A Capitão de Corveta (Quadro Técnico) Josiane Souza de Carvalho Brito também é uma pioneira. Ela é uma das 307 mulheres, que fizeram parte da primeira turma de Praças que ingressou na MB, em abril de 1981. Ela é uma das autoras do livro ‘‘307 Sonhos: Mulheres Militares Pioneiras das Forças Armadas – Praças da Marinha do Brasil“, lançado em maio deste ano.

‘‘É uma honra pertencer à Primeira Turma de Mulheres Militares da Marinha e constatar que com capacidade e resiliência conseguimos superar os desafios desse pioneirismo, inspirando o ingresso das futuras turmas. Quebramos barreiras e paradigmas, trazendo representatividade e responsabilidade. Hoje as mulheres estão em todos os lugares dentro das Forças Armadas”, observou.
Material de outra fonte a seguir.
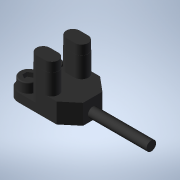
# Autodesk Inventor part: ETH2-14-sensor
Saved by Autodesk Inventor 2021 (Build 250183000, 183)
## iProperties
Created: 2025-05-01
Part Number: ETH2-14-sensor
Material: Generic
Catalog Web Link: www.cadenas.de
Description: GTH4 SENSOR-GTH4 Sensor
Vendor: TOYO
Document SubType Name: Modeling
Designer: psAdmin
Manufacturer: TOYO
Mass: 1.95317 g
Surface Area: 14.6479 cm^2
Volume: 1.95317 cm^3
Density: 1 g/cm^3
Appearance: PSOLRGB-175-175-175
Category: PARTsolutions
Company: TOYO
Title: ETH2-14-sensor
Author: Cadenas PARTsolutions
Comments: GTH4 Sensor
PSOL_IDENT_0: {$CADENAS_DATA/23d-libs/toyo/eth2_series/sensor/gth4_sensor.prj},173 {VTYP=3D},{NB=ETH2-14-sensor},{
PSOL_IDENT_1: LINA=ETH2-14-sensor},{NN=GTH4 SENSOR},{DATE=02.07.2024 05:59:00},{GEOMDATE=27.06.2024 08:07:24},{VER
PSOL_IDENT_2: SION=},{LINEID=10},{WBVAR=},{WBNUMERIC=}  {NB=ETH2-14-sensor},{LINA=ETH2-14-sensor},{KT=DUMMY},{IDNR=
PSOL_IDENT_3: },{MODEL=ETH2-14}
NB: ETH2-14-sensor
NN: GTH4 SENSOR
NT: GTH4 Sensor
NBSYN: $MODEL.-sensor
LINA: ETH2-14-sensor
CATALOG: TOYO
MODEL: ETH2-14
SUPPLIER: TOYO
ARTICLENO: ETH2-14-sensor
BOMINFO: ETH2-14-sensor
CREATOR: CADENAS GmbH
Autodesk Inventor part; units mm, degrees
sketch "Sketch_1" plane through (0, 0, 0) normal (0, 0, 1) x (1, 0, 0)
  line L0 (0, 2.6) -> (0, 0)
  line L1 (0, 0) -> (20, 0)
  line L2 (20, 0) -> (20, 6.2)
  line L3 (20, 6.2) -> (7, 6.2)
  line L4 (7, 6.2) -> (7, 2.6)
  line L5 (7, 2.6) -> (0, 2.6)
  constraints: 12 end point
extrude "Extrusion1" add sketch "Sketch_1" along normal mid plane 13.6
fillet "Fillet1" radius 3.5 2 edges at (0, 1.3, 6.8) (0, 1.3, -6.8)
fillet "Fillet2" radius 2.15 2 edges at (7, 4.4, 6.8) (7, 4.4, -6.8)
sketch "Sketch_4" plane through (20, 0, 0) normal (1, 0, 0) x (0, 0, -1)
  circle A0 centre (0, 2.2) radius 1.5
  constraints: 1 centre point
extrude "Extrusion2" add sketch "Sketch_4" along normal blind 18.3
sketch "Sketch_7" plane through (0, 0, 3.5) normal (0, 0, 1) x (1, 0, 0)
  line L0 (3.5, 2.6) -> (3.5, 5.6)
  line L1 (3.5, 5.6) -> (5.95, 5.6)
  arc A0 (6.25, 5.3) -> (5.95, 5.6) centre (5.95, 5.3) ccw
  line L2 (6.25, 5.3) -> (6.25, 2.6)
  line L3 (6.25, 2.6) -> (3.5, 2.6)
  line L4 (3.5, 2.6) -> (3.5, 5.6)
  constraints: 10 end point, 2 point on circle, 1 centre point
revolve "Revolution1" add sketch "Sketch_7" angle 360 about axis through (3.5, 2.6, 3.5) along (0, -1, 0)
pattern_linear "Rectangular Pattern1" count 2 spacing 7 along (0, 0, -1) of "Revolution1"
sketch "Sketch_9" plane through (0, 5.6, 0) normal (0, 1, 0) x (1, 0, 0)
  line L0 (2.25, -4.2217) -> (3.5, -4.9434)
  line L1 (3.5, -4.9434) -> (4.75, -4.2217)
  line L2 (4.75, -4.2217) -> (4.75, -2.7783)
  line L3 (4.75, -2.7783) -> (3.5, -2.0566)
  line L4 (3.5, -2.0566) -> (2.25, -2.7783)
  line L5 (2.25, -2.7783) -> (2.25, -4.2217)
  constraints: 12 end point
extrude "Extrusion3" cut sketch "Sketch_9" against normal blind 1.3
pattern_linear "Rectangular Pattern2" count 2 spacing 7 along (0, 0, -1) of "Extrusion3"
sketch "__1" plane through (0, 6.2, 0) normal (0, 1, 0) x (1, 0, 0)
  arc A0 (9.15, -2.5) -> (9.15, -6.8) centre (9.15, -4.65) ccw
  line L0 (9.15, -6.8) -> (11.85, -6.8)
  arc A1 (11.85, -6.8) -> (11.85, -2.5) centre (11.85, -4.65) ccw
  line L1 (11.85, -2.5) -> (9.15, -2.5)
  constraints: 4 end point, 4 point on circle, 2 centre point
extrude "Extrusion4" add sketch "__1" along normal blind 6.4
sketch "__2" plane through (0, 6.2, 0) normal (0, 1, 0) x (1, 0, 0)
  arc A0 (9.15, 6.8) -> (9.15, 2.5) centre (9.15, 4.65) ccw
  line L0 (9.15, 2.5) -> (11.85, 2.5)
  arc A1 (11.85, 2.5) -> (11.85, 6.8) centre (11.85, 4.65) ccw
  line L1 (11.85, 6.8) -> (9.15, 6.8)
  constraints: 4 end point, 4 point on circle, 2 centre point
extrude "Extrusion5" add sketch "__2" along normal blind 6.4
sketch "__3" plane through (0, 12.6, 0) normal (0, 1, 0) x (1, 0, 0)
  arc A0 (9.15, -2.57) -> (9.15, -6.73) centre (9.15, -4.65) ccw
  line L0 (9.15, -6.73) -> (11.85, -6.73)
  arc A1 (11.85, -6.73) -> (11.85, -2.57) centre (11.85, -4.65) ccw
  line L1 (11.85, -2.57) -> (9.15, -2.57)
  constraints: 4 end point, 4 point on circle, 2 centre point
extrude "Extrusion6" add sketch "__3" along normal blind 2.9
sketch "__4" plane through (0, 12.6, 0) normal (0, 1, 0) x (1, 0, 0)
  arc A0 (9.15, 6.73) -> (9.15, 2.57) centre (9.15, 4.65) ccw
  line L0 (9.15, 2.57) -> (11.85, 2.57)
  arc A1 (11.85, 2.57) -> (11.85, 6.73) centre (11.85, 4.65) ccw
  line L1 (11.85, 6.73) -> (9.15, 6.73)
  constraints: 4 end point, 4 point on circle, 2 centre point
extrude "Extrusion7" add sketch "__4" along normal blind 2.9
sketch "__5" plane through (0, 0, 0) normal (0, 1, 0) x (-1, 0, 0)
  line L0 (-15.5, 6.8) -> (-20, 6.8)
  line L1 (-20, 6.8) -> (-20, 3.0241)
  line L2 (-20, 3.0241) -> (-15.5, 6.8)
  constraints: 6 end point
extrude "Extrusion8" cut sketch "__5" along normal blind 10
sketch "__6" plane through (0, 0, 0) normal (0, 1, 0) x (-1, 0, 0)
  line L0 (-15.5, -6.8) -> (-20, -3.0241)
  line L1 (-20, -3.0241) -> (-20, -6.8)
  line L2 (-20, -6.8) -> (-15.5, -6.8)
  constraints: 6 end point
extrude "Extrusion9" cut sketch "__6" along normal blind 10
ref_plane "gth4_sensor_XY" through (0, 0, 0) normal (1, 0, 0) x (0, 0, -1)
ref_plane "gth4_sensor_YZ" through (0, 0, 0) normal (0, 0, -1) x (0, 1, 0)
ref_plane "gth4_sensor_ZX" through (0, 0, 0) normal (0, 1, 0) x (1, 0, 0)
body "Solid1"

Ao longo de todas essas décadas, as mulheres militares conquistaram posições importantes na MB, em cargos de direção, comando, comissões no exterior, ascendendo ao Posto de Oficial-General, e sendo egressas da Escola Naval, das Escolas de Aprendizes de Marinheiros e mais, recentemente, como Fuzileiros Navais.

Diante de tantas histórias de sucesso, a Almirante (Médica) Maria Cecília acredita no exemplo como motivação para que mais mulheres busquem a carreira militar.

“Sinto-me honrada por ser fonte de inspiração para quem, assim como eu, busca alcançar o sucesso pelos seus esforços. É um orgulho e um privilégio ser uma Oficial-General da Marinha do Brasil, que considerou o merecimento como forma de reconhecimento aos esforços que fiz ao longo da minha carreira”, afirmou.